TASK STATEMENT
Word for word, set down the records and skip each picture.

(Collection entries)
━━━━━━
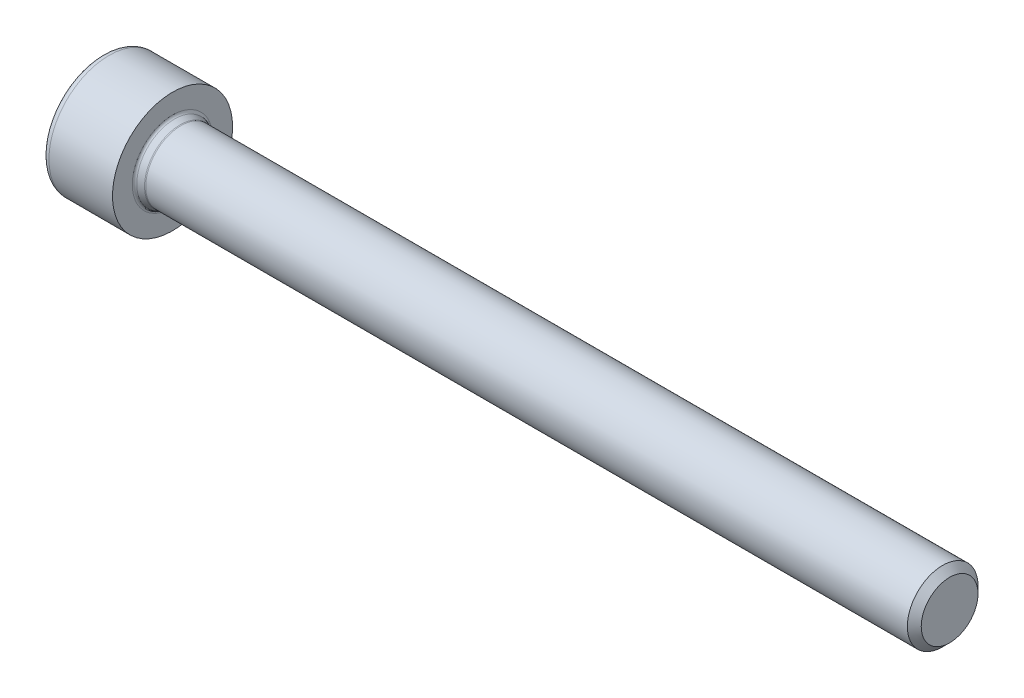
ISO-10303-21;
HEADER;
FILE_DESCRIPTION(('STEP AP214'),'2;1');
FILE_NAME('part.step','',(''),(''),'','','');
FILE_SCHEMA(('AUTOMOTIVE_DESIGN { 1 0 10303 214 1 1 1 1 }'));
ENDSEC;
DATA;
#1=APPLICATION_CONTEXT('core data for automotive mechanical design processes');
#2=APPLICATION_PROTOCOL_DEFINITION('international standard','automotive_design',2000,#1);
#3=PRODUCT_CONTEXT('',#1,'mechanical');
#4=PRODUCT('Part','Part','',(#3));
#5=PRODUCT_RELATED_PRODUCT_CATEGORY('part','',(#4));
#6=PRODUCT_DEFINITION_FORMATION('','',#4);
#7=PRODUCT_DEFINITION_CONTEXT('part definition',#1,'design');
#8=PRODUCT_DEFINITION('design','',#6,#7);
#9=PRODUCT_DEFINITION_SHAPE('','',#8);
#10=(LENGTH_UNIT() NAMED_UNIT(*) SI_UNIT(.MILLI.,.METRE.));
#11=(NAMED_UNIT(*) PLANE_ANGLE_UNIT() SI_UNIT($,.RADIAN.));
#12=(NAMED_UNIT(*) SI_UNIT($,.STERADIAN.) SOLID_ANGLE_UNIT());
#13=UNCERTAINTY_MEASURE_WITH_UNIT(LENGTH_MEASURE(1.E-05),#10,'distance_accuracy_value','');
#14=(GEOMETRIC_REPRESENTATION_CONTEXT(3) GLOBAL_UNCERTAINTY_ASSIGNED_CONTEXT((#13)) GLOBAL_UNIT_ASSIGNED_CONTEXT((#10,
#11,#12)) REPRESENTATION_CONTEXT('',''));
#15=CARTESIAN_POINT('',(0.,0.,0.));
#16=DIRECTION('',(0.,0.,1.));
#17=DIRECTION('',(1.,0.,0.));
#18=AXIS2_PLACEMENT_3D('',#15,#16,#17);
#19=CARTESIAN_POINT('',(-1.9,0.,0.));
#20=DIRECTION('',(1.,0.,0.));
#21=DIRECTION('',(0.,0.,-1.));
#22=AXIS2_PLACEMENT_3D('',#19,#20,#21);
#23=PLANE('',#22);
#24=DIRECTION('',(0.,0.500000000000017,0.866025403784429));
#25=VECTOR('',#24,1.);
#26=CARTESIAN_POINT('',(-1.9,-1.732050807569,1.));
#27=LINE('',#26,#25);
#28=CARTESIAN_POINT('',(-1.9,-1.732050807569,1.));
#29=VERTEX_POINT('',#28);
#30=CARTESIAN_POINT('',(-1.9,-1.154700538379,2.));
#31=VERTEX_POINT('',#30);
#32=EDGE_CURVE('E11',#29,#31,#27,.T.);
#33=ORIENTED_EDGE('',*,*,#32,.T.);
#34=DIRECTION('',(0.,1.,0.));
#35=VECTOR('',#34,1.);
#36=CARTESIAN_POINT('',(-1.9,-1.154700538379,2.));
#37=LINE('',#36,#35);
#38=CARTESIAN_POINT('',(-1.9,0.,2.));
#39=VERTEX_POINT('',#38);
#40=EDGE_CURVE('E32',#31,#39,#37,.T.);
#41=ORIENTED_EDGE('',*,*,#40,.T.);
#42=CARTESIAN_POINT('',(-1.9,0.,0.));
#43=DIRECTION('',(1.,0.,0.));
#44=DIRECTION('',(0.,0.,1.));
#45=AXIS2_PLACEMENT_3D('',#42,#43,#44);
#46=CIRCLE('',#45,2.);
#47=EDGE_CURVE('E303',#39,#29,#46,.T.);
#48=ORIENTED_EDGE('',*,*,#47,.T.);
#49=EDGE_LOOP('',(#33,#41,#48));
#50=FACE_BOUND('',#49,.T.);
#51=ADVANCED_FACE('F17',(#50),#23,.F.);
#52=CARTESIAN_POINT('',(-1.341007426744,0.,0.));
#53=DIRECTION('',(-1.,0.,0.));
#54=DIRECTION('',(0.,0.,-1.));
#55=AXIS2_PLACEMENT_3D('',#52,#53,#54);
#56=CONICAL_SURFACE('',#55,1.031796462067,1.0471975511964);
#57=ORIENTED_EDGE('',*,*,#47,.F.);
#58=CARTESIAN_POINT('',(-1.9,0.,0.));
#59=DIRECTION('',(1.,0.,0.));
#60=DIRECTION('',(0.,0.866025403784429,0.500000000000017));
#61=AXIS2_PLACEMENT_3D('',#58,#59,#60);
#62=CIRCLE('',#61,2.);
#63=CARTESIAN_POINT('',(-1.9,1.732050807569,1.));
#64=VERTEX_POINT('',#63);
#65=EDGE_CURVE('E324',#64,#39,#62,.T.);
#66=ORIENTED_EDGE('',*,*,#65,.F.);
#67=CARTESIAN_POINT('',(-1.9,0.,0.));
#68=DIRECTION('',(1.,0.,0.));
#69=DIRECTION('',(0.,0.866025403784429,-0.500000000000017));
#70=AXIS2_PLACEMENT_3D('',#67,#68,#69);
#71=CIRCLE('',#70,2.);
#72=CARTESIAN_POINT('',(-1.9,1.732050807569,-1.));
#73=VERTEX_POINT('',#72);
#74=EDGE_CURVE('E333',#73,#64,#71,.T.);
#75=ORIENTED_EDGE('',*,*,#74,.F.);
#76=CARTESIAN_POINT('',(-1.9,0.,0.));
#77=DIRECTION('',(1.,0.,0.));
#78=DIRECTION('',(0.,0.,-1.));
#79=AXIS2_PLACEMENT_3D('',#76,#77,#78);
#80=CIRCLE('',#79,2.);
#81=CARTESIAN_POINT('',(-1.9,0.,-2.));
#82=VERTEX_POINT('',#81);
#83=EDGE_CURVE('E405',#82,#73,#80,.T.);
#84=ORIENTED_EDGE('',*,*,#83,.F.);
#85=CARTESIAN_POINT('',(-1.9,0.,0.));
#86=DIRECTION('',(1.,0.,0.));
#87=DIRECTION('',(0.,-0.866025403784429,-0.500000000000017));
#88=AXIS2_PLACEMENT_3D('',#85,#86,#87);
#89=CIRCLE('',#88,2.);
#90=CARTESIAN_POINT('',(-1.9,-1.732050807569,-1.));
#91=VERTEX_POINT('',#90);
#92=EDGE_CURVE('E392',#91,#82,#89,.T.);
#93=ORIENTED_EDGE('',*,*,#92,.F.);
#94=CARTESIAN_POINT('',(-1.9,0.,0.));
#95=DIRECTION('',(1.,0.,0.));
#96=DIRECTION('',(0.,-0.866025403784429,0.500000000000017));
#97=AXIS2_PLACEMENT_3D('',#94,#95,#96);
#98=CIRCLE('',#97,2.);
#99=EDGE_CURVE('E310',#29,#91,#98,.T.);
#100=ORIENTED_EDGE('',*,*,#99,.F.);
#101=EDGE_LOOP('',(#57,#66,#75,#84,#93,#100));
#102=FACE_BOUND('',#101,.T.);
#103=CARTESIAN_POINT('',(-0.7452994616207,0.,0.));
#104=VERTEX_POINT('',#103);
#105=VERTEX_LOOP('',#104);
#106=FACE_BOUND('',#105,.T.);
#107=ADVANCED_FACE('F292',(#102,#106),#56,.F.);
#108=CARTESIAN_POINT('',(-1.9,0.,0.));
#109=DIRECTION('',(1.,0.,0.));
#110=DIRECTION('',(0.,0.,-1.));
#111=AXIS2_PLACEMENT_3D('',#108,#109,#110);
━━━━━━
TASK OUTPUT
ISO-10303-21;
HEADER;
FILE_DESCRIPTION(('STEP AP214'),'2;1');
FILE_NAME('part.step','',(''),(''),'','','');
FILE_SCHEMA(('AUTOMOTIVE_DESIGN { 1 0 10303 214 1 1 1 1 }'));
ENDSEC;
DATA;
#1=APPLICATION_CONTEXT('core data for automotive mechanical design processes');
#2=APPLICATION_PROTOCOL_DEFINITION('international standard','automotive_design',2000,#1);
#3=PRODUCT_CONTEXT('',#1,'mechanical');
#4=PRODUCT('Part','Part','',(#3));
#5=PRODUCT_RELATED_PRODUCT_CATEGORY('part','',(#4));
#6=PRODUCT_DEFINITION_FORMATION('','',#4);
#7=PRODUCT_DEFINITION_CONTEXT('part definition',#1,'design');
#8=PRODUCT_DEFINITION('design','',#6,#7);
#9=PRODUCT_DEFINITION_SHAPE('','',#8);
#10=(LENGTH_UNIT() NAMED_UNIT(*) SI_UNIT(.MILLI.,.METRE.));
#11=(NAMED_UNIT(*) PLANE_ANGLE_UNIT() SI_UNIT($,.RADIAN.));
#12=(NAMED_UNIT(*) SI_UNIT($,.STERADIAN.) SOLID_ANGLE_UNIT());
#13=UNCERTAINTY_MEASURE_WITH_UNIT(LENGTH_MEASURE(1.E-05),#10,'distance_accuracy_value','');
#14=(GEOMETRIC_REPRESENTATION_CONTEXT(3) GLOBAL_UNCERTAINTY_ASSIGNED_CONTEXT((#13)) GLOBAL_UNIT_ASSIGNED_CONTEXT((#10,
#11,#12)) REPRESENTATION_CONTEXT('',''));
#15=CARTESIAN_POINT('',(0.,0.,0.));
#16=DIRECTION('',(0.,0.,1.));
#17=DIRECTION('',(1.,0.,0.));
#18=AXIS2_PLACEMENT_3D('',#15,#16,#17);
#19=CARTESIAN_POINT('',(-1.9,0.,0.));
#20=DIRECTION('',(1.,0.,0.));
#21=DIRECTION('',(0.,0.,-1.));
#22=AXIS2_PLACEMENT_3D('',#19,#20,#21);
#23=PLANE('',#22);
#24=DIRECTION('',(0.,0.500000000000017,0.866025403784429));
#25=VECTOR('',#24,1.);
#26=CARTESIAN_POINT('',(-1.9,-1.732050807569,1.));
#27=LINE('',#26,#25);
#28=CARTESIAN_POINT('',(-1.9,-1.732050807569,1.));
#29=VERTEX_POINT('',#28);
#30=CARTESIAN_POINT('',(-1.9,-1.154700538379,2.));
#31=VERTEX_POINT('',#30);
#32=EDGE_CURVE('E11',#29,#31,#27,.T.);
#33=ORIENTED_EDGE('',*,*,#32,.T.);
#34=DIRECTION('',(0.,1.,0.));
#35=VECTOR('',#34,1.);
#36=CARTESIAN_POINT('',(-1.9,-1.154700538379,2.));
#37=LINE('',#36,#35);
#38=CARTESIAN_POINT('',(-1.9,0.,2.));
#39=VERTEX_POINT('',#38);
#40=EDGE_CURVE('E32',#31,#39,#37,.T.);
#41=ORIENTED_EDGE('',*,*,#40,.T.);
#42=CARTESIAN_POINT('',(-1.9,0.,0.));
#43=DIRECTION('',(1.,0.,0.));
#44=DIRECTION('',(0.,0.,1.));
#45=AXIS2_PLACEMENT_3D('',#42,#43,#44);
#46=CIRCLE('',#45,2.);
#47=EDGE_CURVE('E303',#39,#29,#46,.T.);
#48=ORIENTED_EDGE('',*,*,#47,.T.);
#49=EDGE_LOOP('',(#33,#41,#48));
#50=FACE_BOUND('',#49,.T.);
#51=ADVANCED_FACE('F17',(#50),#23,.F.);
#52=CARTESIAN_POINT('',(-1.341007426744,0.,0.));
#53=DIRECTION('',(-1.,0.,0.));
#54=DIRECTION('',(0.,0.,-1.));
#55=AXIS2_PLACEMENT_3D('',#52,#53,#54);
#56=CONICAL_SURFACE('',#55,1.031796462067,1.0471975511964);
#57=ORIENTED_EDGE('',*,*,#47,.F.);
#58=CARTESIAN_POINT('',(-1.9,0.,0.));
#59=DIRECTION('',(1.,0.,0.));
#60=DIRECTION('',(0.,0.866025403784429,0.500000000000017));
#61=AXIS2_PLACEMENT_3D('',#58,#59,#60);
#62=CIRCLE('',#61,2.);
#63=CARTESIAN_POINT('',(-1.9,1.732050807569,1.));
#64=VERTEX_POINT('',#63);
#65=EDGE_CURVE('E324',#64,#39,#62,.T.);
#66=ORIENTED_EDGE('',*,*,#65,.F.);
#67=CARTESIAN_POINT('',(-1.9,0.,0.));
#68=DIRECTION('',(1.,0.,0.));
#69=DIRECTION('',(0.,0.866025403784429,-0.500000000000017));
#70=AXIS2_PLACEMENT_3D('',#67,#68,#69);
#71=CIRCLE('',#70,2.);
#72=CARTESIAN_POINT('',(-1.9,1.732050807569,-1.));
#73=VERTEX_POINT('',#72);
#74=EDGE_CURVE('E333',#73,#64,#71,.T.);
#75=ORIENTED_EDGE('',*,*,#74,.F.);
#76=CARTESIAN_POINT('',(-1.9,0.,0.));
#77=DIRECTION('',(1.,0.,0.));
#78=DIRECTION('',(0.,0.,-1.));
#79=AXIS2_PLACEMENT_3D('',#76,#77,#78);
#80=CIRCLE('',#79,2.);
#81=CARTESIAN_POINT('',(-1.9,0.,-2.));
#82=VERTEX_POINT('',#81);
#83=EDGE_CURVE('E405',#82,#73,#80,.T.);
#84=ORIENTED_EDGE('',*,*,#83,.F.);
#85=CARTESIAN_POINT('',(-1.9,0.,0.));
#86=DIRECTION('',(1.,0.,0.));
#87=DIRECTION('',(0.,-0.866025403784429,-0.500000000000017));
#88=AXIS2_PLACEMENT_3D('',#85,#86,#87);
#89=CIRCLE('',#88,2.);
#90=CARTESIAN_POINT('',(-1.9,-1.732050807569,-1.));
#91=VERTEX_POINT('',#90);
#92=EDGE_CURVE('E392',#91,#82,#89,.T.);
#93=ORIENTED_EDGE('',*,*,#92,.F.);
#94=CARTESIAN_POINT('',(-1.9,0.,0.));
#95=DIRECTION('',(1.,0.,0.));
#96=DIRECTION('',(0.,-0.866025403784429,0.500000000000017));
#97=AXIS2_PLACEMENT_3D('',#94,#95,#96);
#98=CIRCLE('',#97,2.);
#99=EDGE_CURVE('E310',#29,#91,#98,.T.);
#100=ORIENTED_EDGE('',*,*,#99,.F.);
#101=EDGE_LOOP('',(#57,#66,#75,#84,#93,#100));
#102=FACE_BOUND('',#101,.T.);
#103=CARTESIAN_POINT('',(-0.7452994616207,0.,0.));
#104=VERTEX_POINT('',#103);
#105=VERTEX_LOOP('',#104);
#106=FACE_BOUND('',#105,.T.);
#107=ADVANCED_FACE('F292',(#102,#106),#56,.F.);
#108=CARTESIAN_POINT('',(-1.9,0.,0.));
#109=DIRECTION('',(1.,0.,0.));
#110=DIRECTION('',(0.,0.,-1.));
#111=AXIS2_PLACEMENT_3D('',#108,#109,#110);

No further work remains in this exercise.